- **Assigned task**: Repeat exactly the lines below that lie between the line with "(junction 252) -> (junction 316)" and the line with "(junction 323) -> (junction 279)", counting both of those lines as part of the answer.

Items from a data source:

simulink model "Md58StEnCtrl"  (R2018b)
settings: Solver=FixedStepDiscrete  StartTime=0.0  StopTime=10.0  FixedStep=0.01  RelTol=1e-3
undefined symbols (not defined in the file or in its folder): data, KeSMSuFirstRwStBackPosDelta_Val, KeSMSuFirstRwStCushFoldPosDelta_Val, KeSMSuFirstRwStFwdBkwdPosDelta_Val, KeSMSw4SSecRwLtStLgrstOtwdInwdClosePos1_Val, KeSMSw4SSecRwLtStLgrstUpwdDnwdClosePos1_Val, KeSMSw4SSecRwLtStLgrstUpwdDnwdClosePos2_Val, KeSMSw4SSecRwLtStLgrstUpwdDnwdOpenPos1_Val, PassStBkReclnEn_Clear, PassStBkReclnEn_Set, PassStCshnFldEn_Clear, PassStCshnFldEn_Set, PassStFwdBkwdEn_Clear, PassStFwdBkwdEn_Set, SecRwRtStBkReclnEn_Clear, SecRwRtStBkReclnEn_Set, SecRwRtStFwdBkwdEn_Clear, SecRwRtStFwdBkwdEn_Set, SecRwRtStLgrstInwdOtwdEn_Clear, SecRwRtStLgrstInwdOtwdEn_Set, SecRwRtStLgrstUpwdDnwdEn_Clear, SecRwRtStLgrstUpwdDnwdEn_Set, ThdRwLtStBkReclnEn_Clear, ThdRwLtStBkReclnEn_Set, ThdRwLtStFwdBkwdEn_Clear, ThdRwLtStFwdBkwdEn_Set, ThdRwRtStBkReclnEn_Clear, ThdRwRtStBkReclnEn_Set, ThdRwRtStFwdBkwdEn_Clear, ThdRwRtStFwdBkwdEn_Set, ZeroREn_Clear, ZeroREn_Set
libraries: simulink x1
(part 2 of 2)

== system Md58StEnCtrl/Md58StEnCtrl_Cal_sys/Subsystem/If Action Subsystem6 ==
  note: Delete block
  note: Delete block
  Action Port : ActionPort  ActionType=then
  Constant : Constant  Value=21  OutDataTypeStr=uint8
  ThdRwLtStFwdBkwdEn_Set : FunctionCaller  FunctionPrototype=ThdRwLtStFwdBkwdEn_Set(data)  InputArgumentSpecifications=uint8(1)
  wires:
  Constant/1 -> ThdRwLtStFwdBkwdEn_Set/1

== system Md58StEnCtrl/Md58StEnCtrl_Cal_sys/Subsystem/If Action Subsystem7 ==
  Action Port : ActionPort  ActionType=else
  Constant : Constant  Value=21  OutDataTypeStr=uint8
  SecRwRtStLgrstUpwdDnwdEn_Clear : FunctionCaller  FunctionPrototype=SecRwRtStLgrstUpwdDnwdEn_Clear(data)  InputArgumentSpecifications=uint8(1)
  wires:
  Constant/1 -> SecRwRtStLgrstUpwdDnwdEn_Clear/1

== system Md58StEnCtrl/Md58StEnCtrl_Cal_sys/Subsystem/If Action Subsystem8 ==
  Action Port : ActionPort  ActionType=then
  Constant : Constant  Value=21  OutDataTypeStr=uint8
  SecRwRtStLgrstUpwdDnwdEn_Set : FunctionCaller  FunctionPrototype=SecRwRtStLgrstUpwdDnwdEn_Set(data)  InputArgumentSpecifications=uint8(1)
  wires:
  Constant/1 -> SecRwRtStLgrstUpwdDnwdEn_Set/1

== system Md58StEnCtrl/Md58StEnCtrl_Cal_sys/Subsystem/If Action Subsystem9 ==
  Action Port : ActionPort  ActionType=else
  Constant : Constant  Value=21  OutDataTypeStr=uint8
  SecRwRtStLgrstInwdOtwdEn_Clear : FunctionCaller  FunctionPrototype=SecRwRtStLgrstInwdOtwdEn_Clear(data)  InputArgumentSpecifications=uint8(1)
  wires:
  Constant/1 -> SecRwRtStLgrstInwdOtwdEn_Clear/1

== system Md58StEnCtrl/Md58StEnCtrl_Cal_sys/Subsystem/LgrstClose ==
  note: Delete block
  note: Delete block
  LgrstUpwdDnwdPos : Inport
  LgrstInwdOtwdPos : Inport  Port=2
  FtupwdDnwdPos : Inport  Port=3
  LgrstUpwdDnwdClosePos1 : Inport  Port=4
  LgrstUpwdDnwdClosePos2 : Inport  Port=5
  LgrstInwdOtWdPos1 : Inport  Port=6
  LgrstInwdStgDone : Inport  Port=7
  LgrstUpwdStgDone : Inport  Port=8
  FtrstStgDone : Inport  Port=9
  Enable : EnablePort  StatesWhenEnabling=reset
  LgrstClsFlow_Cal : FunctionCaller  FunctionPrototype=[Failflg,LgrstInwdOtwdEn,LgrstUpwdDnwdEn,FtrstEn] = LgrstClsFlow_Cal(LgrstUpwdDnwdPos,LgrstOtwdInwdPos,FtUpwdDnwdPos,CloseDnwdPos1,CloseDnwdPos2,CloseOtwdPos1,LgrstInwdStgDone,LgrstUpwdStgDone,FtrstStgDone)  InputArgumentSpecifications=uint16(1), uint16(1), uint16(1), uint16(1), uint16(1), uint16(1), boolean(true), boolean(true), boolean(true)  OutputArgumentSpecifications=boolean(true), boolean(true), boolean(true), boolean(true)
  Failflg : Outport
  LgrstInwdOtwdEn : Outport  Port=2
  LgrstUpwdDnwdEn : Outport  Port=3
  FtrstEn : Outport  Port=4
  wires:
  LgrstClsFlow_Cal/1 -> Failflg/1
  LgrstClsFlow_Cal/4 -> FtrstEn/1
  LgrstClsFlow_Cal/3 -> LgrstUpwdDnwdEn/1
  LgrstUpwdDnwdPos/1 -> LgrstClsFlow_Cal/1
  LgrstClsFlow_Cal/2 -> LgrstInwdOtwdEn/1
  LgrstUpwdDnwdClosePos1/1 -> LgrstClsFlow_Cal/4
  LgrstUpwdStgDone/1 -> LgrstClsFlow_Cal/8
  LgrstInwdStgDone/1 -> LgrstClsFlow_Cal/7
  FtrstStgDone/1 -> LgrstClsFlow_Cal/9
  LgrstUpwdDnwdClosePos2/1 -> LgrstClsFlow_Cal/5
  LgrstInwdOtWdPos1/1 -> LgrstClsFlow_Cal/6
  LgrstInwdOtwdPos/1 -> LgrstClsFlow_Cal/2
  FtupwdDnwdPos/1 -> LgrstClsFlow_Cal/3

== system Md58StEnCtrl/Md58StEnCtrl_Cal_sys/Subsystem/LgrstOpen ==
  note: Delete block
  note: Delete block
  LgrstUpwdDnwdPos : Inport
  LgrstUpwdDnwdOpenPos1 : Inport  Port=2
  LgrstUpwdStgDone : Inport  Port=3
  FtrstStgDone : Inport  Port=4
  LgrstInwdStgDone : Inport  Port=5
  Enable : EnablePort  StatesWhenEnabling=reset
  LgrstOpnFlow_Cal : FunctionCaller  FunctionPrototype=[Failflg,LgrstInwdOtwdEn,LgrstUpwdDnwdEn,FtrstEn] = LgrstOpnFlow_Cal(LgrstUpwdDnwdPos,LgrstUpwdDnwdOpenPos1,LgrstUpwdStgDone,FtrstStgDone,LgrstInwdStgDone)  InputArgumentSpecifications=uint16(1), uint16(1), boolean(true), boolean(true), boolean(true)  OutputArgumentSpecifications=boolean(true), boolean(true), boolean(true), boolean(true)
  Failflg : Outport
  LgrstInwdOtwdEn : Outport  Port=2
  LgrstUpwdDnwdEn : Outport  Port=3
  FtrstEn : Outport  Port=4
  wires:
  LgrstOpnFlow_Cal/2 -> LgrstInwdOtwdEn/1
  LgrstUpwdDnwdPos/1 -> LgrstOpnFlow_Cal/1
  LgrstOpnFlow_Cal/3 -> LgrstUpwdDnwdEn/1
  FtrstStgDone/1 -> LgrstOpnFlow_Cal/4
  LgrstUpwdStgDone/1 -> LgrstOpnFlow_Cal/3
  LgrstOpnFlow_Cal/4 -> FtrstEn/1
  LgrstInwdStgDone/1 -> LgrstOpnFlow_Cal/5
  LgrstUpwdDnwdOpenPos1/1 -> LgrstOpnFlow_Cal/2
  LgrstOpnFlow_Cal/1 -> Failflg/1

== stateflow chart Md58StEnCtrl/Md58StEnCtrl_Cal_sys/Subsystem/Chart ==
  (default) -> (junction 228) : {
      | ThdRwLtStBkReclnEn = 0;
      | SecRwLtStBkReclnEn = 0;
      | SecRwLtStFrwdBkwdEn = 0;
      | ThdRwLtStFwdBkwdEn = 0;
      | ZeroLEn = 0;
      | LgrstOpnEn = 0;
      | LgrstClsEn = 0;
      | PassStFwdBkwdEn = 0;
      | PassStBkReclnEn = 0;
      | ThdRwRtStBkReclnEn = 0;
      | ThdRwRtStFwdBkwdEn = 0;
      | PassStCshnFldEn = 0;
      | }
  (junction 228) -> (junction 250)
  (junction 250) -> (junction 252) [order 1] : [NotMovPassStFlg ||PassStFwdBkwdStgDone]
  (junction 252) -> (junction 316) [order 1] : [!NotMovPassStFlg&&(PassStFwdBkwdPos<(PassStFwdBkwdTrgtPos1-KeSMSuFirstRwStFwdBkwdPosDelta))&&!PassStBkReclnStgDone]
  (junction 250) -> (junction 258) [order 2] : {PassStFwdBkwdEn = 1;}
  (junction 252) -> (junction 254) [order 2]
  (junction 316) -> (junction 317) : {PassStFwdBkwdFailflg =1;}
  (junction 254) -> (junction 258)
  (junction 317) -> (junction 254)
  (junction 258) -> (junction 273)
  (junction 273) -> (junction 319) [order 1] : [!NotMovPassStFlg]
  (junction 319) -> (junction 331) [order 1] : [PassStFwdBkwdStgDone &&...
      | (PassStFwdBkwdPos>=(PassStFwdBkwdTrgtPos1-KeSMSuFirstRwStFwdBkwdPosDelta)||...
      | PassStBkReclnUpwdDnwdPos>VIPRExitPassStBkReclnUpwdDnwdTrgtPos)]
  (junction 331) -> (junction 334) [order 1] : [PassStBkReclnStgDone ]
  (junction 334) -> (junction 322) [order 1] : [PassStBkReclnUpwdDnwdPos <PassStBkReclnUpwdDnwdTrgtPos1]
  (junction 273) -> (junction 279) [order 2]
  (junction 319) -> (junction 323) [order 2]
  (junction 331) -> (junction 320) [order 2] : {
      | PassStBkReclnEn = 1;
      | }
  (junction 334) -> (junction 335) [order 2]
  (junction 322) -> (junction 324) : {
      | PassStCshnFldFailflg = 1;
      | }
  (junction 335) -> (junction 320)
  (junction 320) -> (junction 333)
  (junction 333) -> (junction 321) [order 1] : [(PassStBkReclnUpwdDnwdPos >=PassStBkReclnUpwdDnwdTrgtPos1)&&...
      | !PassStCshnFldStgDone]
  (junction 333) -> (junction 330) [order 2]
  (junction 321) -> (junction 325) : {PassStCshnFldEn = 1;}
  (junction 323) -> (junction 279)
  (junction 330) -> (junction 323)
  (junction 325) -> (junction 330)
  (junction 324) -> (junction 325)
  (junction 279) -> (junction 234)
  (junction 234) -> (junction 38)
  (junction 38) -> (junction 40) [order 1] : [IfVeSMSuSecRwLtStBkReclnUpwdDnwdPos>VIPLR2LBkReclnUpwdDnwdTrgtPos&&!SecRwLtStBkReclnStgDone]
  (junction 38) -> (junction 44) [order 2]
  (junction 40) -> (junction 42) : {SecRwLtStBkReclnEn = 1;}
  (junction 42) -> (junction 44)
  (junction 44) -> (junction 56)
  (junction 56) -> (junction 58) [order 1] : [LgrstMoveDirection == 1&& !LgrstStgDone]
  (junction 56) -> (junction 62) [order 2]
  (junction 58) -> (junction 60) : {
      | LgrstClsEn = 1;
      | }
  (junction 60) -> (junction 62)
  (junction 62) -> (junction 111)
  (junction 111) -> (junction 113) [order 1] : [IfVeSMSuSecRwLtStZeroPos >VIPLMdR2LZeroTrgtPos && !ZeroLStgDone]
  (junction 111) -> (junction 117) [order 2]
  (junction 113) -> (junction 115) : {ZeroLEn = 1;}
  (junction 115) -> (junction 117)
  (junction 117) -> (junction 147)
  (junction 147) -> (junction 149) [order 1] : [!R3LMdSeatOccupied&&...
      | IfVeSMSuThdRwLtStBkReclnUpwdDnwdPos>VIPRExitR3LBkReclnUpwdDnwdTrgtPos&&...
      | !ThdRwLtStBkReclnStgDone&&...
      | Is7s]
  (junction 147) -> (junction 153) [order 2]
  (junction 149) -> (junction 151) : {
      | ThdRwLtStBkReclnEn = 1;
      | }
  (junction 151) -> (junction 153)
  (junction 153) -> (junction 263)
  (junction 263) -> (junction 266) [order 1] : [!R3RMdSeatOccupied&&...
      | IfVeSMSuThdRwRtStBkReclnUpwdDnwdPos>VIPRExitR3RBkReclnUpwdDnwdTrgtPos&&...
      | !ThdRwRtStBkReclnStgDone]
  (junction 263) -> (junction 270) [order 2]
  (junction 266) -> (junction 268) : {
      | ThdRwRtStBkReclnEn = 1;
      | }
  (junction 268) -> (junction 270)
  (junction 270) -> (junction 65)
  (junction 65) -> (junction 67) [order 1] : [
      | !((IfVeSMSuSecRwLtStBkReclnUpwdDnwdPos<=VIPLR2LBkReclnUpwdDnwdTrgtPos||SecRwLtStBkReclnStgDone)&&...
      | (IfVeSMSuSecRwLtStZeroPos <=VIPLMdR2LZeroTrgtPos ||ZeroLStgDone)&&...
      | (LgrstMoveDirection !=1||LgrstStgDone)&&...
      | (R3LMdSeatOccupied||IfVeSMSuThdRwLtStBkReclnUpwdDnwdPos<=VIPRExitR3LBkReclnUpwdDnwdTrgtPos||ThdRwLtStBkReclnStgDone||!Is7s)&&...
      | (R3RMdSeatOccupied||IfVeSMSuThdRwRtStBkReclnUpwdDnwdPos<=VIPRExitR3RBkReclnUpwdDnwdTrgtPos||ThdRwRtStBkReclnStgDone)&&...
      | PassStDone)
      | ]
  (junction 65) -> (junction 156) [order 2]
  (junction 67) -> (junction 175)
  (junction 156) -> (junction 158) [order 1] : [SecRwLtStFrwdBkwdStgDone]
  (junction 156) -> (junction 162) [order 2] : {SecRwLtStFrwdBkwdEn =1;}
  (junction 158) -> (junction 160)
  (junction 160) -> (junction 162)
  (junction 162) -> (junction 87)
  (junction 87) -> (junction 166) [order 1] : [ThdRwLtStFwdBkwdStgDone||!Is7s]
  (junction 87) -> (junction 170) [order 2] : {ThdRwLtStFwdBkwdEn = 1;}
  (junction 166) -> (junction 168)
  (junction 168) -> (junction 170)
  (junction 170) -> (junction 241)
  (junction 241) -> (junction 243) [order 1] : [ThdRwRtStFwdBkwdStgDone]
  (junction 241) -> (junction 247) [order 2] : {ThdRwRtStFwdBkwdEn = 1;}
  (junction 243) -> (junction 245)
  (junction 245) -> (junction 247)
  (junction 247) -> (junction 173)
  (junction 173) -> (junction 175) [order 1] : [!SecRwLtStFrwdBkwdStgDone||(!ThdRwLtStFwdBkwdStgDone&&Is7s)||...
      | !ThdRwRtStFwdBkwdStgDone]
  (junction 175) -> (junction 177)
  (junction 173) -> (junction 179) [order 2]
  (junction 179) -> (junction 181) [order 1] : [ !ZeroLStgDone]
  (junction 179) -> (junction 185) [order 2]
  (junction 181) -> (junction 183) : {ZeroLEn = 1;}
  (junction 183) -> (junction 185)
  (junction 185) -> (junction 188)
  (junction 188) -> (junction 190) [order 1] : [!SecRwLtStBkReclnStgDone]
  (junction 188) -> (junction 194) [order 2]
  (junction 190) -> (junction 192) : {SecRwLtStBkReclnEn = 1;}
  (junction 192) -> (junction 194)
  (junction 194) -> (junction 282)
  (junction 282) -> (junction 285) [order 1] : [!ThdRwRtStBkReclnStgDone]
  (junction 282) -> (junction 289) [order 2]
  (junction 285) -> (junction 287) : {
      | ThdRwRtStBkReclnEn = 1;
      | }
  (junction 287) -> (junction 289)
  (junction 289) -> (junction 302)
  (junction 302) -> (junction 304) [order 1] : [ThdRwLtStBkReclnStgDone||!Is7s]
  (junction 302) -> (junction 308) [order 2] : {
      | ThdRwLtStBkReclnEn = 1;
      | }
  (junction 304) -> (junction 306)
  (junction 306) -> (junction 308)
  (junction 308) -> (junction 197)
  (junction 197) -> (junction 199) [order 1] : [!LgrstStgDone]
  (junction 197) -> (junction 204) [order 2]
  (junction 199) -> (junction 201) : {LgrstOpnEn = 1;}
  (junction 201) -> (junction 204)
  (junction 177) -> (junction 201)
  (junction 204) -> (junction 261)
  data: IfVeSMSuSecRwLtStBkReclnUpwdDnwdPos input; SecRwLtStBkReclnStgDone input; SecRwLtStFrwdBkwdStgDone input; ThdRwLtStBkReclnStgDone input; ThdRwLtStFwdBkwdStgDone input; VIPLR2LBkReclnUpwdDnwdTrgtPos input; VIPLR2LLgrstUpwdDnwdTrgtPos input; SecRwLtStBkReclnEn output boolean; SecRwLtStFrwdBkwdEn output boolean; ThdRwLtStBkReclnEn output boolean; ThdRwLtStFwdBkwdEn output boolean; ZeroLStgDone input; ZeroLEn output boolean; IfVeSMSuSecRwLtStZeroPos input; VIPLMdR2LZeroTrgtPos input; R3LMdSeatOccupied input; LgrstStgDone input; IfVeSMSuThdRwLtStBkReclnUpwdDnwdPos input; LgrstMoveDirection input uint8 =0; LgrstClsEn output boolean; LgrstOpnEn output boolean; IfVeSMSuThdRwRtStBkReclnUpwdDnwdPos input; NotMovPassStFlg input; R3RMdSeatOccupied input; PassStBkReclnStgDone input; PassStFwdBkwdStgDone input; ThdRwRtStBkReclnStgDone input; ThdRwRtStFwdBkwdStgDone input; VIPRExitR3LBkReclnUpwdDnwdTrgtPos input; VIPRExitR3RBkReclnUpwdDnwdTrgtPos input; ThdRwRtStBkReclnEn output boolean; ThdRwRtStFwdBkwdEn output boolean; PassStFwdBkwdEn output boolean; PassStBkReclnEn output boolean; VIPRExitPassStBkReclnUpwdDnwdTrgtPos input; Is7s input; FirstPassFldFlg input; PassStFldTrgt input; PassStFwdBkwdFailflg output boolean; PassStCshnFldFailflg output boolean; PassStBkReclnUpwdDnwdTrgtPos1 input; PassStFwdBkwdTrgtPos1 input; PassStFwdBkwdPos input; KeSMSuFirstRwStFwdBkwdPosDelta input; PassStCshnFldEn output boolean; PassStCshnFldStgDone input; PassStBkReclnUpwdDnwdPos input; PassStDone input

- **Completed exercise**:
  (junction 252) -> (junction 316) [order 1] : [!NotMovPassStFlg&&(PassStFwdBkwdPos<(PassStFwdBkwdTrgtPos1-KeSMSuFirstRwStFwdBkwdPosDelta))&&!PassStBkReclnStgDone]
  (junction 250) -> (junction 258) [order 2] : {PassStFwdBkwdEn = 1;}
  (junction 252) -> (junction 254) [order 2]
  (junction 316) -> (junction 317) : {PassStFwdBkwdFailflg =1;}
  (junction 254) -> (junction 258)
  (junction 317) -> (junction 254)
  (junction 258) -> (junction 273)
  (junction 273) -> (junction 319) [order 1] : [!NotMovPassStFlg]
  (junction 319) -> (junction 331) [order 1] : [PassStFwdBkwdStgDone &&...
      | (PassStFwdBkwdPos>=(PassStFwdBkwdTrgtPos1-KeSMSuFirstRwStFwdBkwdPosDelta)||...
      | PassStBkReclnUpwdDnwdPos>VIPRExitPassStBkReclnUpwdDnwdTrgtPos)]
  (junction 331) -> (junction 334) [order 1] : [PassStBkReclnStgDone ]
  (junction 334) -> (junction 322) [order 1] : [PassStBkReclnUpwdDnwdPos <PassStBkReclnUpwdDnwdTrgtPos1]
  (junction 273) -> (junction 279) [order 2]
  (junction 319) -> (junction 323) [order 2]
  (junction 331) -> (junction 320) [order 2] : {
      | PassStBkReclnEn = 1;
      | }
  (junction 334) -> (junction 335) [order 2]
  (junction 322) -> (junction 324) : {
      | PassStCshnFldFailflg = 1;
      | }
  (junction 335) -> (junction 320)
  (junction 320) -> (junction 333)
  (junction 333) -> (junction 321) [order 1] : [(PassStBkReclnUpwdDnwdPos >=PassStBkReclnUpwdDnwdTrgtPos1)&&...
      | !PassStCshnFldStgDone]
  (junction 333) -> (junction 330) [order 2]
  (junction 321) -> (junction 325) : {PassStCshnFldEn = 1;}
  (junction 323) -> (junction 279)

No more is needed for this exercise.